Is someone you love addicted?
Many people struggle to understand the behaviours and emotions of someone who is suffering from an addiction.
They often feel a sense of inadequacy at not being able to change the addicted person's behaviours, and a sense of hurt at being exposed to harm emanating from those behaviours.
This often makes it easier for the non-addicted person to wash their hands of even trying, and to choose instead to walk away... but this is not so easy to do if the addicted person is someone close to you whom you love and really care for.

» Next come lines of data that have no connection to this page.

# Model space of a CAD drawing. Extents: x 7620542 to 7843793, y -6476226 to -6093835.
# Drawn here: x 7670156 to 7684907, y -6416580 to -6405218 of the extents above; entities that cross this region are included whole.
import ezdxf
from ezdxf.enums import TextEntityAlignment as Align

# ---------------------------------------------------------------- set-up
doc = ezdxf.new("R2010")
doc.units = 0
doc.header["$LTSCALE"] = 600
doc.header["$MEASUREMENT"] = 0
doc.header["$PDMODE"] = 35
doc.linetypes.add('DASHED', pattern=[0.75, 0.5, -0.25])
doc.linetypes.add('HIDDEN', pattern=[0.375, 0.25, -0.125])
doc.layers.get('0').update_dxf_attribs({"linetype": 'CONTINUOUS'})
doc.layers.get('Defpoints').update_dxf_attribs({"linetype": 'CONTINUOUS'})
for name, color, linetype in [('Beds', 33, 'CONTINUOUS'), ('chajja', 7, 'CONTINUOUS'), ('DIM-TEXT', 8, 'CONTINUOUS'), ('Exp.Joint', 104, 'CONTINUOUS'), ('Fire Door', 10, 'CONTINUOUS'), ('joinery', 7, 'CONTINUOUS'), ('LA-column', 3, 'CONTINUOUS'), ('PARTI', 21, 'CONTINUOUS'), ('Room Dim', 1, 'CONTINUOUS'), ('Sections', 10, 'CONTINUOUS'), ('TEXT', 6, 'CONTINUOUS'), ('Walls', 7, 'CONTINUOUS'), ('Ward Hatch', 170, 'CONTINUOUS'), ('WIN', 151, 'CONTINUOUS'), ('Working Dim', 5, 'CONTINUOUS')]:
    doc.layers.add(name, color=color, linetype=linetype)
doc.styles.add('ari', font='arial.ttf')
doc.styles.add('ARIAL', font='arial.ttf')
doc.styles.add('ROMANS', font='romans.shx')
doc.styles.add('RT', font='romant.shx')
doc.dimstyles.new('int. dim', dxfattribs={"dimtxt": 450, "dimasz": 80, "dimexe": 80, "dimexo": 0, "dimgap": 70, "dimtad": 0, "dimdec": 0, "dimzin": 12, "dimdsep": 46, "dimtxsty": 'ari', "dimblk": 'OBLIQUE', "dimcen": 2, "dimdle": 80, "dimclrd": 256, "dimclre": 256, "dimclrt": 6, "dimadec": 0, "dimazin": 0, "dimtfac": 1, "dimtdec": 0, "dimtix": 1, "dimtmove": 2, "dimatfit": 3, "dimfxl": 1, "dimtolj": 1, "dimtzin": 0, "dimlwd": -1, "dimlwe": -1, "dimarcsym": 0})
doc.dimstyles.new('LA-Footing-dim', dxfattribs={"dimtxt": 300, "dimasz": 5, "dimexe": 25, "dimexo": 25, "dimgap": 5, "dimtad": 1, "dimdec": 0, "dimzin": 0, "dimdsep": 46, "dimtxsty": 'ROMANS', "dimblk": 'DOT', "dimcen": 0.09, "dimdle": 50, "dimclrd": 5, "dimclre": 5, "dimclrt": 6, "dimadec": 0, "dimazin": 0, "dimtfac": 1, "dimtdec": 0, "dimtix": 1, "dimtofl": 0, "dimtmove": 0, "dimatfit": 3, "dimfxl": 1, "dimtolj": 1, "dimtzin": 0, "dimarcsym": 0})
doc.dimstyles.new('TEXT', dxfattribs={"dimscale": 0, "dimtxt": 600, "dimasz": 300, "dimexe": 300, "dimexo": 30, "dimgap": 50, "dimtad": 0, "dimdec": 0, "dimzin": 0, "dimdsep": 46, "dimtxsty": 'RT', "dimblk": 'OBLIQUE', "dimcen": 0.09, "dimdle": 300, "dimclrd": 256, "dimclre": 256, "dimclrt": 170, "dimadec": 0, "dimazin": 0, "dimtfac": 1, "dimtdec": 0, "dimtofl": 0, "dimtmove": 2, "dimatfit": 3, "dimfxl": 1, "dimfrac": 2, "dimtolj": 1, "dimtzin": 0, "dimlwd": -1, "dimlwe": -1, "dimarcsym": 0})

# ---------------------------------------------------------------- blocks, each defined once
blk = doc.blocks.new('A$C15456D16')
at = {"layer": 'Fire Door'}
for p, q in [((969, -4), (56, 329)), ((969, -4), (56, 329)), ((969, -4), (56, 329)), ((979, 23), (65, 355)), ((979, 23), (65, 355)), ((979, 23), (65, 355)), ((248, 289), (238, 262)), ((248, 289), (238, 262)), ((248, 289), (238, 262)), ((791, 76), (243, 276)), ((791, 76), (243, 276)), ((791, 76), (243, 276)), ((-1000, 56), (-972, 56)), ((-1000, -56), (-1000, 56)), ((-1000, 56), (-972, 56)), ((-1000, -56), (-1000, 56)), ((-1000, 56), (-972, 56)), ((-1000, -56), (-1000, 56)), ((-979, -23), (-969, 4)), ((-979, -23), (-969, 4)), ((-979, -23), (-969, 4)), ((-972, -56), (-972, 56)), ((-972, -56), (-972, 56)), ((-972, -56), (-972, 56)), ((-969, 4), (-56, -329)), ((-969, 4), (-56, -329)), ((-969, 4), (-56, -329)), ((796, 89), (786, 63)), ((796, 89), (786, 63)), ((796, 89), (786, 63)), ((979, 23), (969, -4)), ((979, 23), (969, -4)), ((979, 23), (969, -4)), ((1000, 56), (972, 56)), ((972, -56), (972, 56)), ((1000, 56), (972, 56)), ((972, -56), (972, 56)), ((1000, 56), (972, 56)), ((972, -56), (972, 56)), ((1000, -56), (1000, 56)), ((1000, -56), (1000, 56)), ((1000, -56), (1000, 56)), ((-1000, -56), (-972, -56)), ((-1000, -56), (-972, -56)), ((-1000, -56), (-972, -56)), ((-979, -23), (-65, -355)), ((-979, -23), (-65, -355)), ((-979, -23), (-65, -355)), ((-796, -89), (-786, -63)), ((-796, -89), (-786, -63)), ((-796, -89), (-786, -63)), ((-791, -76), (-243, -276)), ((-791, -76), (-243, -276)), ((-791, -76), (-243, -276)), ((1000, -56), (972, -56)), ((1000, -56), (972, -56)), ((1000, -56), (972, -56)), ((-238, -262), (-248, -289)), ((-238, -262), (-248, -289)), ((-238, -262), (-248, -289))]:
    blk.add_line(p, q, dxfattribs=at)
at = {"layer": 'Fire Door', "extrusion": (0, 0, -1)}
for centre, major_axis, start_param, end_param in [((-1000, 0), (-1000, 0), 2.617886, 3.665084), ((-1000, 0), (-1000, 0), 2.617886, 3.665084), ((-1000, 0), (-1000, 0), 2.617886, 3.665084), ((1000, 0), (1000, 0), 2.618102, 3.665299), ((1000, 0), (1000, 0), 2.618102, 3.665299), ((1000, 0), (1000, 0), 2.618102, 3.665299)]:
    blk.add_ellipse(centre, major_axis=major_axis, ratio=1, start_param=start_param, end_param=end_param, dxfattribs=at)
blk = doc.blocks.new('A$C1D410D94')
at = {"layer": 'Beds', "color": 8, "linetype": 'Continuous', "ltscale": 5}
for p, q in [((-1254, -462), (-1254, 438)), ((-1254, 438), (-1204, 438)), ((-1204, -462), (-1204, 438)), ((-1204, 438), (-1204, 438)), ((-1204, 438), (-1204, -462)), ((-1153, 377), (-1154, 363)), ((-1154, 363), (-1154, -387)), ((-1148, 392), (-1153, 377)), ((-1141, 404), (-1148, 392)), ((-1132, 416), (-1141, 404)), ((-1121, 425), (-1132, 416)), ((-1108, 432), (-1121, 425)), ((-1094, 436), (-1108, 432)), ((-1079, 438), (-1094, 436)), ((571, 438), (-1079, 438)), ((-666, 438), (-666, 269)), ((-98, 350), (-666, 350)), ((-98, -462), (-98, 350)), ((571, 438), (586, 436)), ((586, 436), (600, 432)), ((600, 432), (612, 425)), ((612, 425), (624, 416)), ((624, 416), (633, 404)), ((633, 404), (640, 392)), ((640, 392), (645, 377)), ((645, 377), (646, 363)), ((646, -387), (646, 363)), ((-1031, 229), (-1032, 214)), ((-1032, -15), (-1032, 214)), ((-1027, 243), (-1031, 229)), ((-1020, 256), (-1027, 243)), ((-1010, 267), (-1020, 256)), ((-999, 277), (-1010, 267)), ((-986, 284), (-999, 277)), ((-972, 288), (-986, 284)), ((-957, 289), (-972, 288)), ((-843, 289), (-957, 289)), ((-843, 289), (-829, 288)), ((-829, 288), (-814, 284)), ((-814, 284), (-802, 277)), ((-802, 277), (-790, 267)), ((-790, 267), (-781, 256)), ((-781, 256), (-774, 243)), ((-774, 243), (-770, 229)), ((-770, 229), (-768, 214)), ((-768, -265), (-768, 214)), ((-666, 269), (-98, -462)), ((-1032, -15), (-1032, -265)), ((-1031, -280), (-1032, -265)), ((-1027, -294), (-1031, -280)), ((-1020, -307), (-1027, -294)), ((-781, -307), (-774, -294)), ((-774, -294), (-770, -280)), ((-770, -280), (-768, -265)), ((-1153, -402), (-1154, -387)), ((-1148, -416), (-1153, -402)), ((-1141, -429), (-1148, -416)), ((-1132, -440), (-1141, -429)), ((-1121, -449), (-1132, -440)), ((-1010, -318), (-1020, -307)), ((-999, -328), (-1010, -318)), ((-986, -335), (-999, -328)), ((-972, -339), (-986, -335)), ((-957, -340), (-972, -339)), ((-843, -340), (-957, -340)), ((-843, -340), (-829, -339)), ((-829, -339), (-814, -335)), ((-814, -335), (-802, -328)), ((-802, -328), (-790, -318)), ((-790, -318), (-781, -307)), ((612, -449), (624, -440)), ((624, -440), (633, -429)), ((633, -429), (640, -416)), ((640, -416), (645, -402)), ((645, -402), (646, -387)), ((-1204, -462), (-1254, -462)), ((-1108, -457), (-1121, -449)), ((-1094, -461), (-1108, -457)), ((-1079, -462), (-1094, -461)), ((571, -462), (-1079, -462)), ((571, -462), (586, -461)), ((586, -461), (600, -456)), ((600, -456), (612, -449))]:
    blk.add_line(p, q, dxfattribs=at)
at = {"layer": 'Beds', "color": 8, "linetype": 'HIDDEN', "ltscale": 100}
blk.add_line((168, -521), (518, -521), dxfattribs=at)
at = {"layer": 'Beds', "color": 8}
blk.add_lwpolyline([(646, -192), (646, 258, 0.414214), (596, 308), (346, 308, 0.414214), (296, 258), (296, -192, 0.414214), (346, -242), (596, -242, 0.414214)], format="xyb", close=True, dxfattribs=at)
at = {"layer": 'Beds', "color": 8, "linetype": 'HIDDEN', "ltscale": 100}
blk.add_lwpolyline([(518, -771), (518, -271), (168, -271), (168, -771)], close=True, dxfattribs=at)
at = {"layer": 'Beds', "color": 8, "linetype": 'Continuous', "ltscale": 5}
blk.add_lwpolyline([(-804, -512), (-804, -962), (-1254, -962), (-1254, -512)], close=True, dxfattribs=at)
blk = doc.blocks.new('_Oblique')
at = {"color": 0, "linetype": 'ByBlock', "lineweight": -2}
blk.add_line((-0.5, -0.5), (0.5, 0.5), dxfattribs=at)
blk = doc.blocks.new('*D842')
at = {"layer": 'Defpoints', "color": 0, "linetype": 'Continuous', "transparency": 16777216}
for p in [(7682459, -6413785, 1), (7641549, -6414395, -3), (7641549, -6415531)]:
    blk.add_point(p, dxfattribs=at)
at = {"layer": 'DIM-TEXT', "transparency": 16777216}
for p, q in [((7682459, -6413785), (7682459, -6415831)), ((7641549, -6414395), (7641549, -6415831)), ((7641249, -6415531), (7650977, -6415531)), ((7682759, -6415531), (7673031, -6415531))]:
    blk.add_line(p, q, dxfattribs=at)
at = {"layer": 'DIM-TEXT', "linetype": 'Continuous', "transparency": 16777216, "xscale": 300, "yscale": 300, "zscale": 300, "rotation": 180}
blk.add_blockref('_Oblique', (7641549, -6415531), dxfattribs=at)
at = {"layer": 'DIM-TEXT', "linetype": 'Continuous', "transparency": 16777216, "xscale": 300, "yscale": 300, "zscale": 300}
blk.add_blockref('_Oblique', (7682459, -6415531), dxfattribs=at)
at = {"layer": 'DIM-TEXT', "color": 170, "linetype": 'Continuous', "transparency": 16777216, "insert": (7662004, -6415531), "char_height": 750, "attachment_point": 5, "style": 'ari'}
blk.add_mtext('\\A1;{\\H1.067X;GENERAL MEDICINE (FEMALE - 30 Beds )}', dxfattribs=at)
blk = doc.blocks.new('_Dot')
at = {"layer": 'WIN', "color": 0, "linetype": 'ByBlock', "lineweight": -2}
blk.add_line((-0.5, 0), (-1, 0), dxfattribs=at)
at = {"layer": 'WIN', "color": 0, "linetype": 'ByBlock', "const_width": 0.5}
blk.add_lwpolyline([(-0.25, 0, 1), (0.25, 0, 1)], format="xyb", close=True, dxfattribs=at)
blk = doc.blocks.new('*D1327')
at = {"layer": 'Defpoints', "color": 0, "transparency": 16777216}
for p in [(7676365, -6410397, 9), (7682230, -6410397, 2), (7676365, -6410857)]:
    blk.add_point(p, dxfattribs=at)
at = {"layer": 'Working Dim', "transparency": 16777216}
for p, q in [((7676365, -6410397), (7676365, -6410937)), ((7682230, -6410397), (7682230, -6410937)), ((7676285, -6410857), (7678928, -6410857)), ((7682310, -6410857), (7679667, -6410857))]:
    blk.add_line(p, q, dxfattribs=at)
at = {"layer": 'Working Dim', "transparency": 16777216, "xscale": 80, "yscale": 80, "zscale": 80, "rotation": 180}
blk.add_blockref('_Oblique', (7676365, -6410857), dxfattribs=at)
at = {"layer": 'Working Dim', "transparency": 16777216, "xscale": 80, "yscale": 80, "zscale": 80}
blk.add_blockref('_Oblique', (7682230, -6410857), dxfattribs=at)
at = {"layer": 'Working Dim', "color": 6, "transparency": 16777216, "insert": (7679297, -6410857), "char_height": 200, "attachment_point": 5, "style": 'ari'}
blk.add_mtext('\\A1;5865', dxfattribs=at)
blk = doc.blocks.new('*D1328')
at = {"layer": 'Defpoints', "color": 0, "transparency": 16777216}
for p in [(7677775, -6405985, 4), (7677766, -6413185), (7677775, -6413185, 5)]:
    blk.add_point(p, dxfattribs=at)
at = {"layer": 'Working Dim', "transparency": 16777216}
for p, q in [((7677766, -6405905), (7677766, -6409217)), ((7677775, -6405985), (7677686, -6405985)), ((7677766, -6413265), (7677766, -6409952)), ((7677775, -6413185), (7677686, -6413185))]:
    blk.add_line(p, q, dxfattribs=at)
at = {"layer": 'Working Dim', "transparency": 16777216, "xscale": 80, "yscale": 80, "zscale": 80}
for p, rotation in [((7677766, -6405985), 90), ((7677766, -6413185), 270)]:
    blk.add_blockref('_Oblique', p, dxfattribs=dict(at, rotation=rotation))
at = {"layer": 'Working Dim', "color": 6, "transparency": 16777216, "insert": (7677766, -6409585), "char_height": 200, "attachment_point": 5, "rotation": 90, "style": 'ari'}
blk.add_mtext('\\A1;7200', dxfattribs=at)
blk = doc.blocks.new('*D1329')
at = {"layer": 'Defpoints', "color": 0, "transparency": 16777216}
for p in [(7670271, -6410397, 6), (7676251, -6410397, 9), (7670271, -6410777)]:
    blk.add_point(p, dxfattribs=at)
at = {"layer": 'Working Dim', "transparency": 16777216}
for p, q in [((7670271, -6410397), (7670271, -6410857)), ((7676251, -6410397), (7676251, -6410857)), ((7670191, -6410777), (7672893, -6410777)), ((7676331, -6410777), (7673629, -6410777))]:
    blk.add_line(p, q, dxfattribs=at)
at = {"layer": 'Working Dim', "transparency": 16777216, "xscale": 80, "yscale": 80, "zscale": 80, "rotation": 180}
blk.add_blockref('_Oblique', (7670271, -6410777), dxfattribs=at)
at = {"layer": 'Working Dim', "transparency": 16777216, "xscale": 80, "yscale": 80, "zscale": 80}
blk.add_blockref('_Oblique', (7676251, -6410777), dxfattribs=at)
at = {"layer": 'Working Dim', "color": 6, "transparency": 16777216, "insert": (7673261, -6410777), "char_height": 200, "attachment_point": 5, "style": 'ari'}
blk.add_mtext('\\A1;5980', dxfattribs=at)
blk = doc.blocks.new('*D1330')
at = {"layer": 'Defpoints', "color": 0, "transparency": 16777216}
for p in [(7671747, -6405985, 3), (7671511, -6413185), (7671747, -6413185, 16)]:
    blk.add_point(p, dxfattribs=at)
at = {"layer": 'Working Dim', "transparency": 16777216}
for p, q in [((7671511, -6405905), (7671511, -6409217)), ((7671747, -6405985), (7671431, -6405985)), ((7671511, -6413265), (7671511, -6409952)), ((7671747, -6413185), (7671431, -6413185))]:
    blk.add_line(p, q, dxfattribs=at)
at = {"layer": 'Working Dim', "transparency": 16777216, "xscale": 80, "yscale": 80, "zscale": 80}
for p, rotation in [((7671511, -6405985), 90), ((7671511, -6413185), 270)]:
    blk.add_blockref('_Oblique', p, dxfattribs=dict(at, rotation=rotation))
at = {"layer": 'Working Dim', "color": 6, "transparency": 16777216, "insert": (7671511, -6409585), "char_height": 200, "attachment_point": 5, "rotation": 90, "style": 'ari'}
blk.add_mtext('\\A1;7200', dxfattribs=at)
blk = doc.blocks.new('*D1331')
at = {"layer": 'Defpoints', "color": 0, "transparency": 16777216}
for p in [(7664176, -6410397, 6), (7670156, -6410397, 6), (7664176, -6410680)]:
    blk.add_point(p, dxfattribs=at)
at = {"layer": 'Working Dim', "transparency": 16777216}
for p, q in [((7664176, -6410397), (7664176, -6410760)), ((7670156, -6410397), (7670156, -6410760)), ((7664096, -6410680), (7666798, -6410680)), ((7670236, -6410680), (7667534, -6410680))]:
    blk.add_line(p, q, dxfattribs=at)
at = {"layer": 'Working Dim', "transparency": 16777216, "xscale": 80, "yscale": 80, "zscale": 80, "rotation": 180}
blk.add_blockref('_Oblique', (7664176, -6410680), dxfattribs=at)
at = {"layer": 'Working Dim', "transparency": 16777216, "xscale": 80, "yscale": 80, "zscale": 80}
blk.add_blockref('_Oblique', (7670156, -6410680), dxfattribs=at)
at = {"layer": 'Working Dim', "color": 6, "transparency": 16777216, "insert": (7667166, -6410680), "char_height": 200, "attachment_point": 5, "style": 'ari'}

So, what can someone affected by a loved one's addiction do to help the addicted person?
The answer is: Plenty... but only if you take the time to think about what you are trying to do.
Before even trying to help someone you must first understand a few things about addiction. This particular section tries to explain exactly what these things are, starting with one which often confuses loved ones and consequently colours their reaction to addiction and to the addicted individual.
It can be summed up in a very simple phrase.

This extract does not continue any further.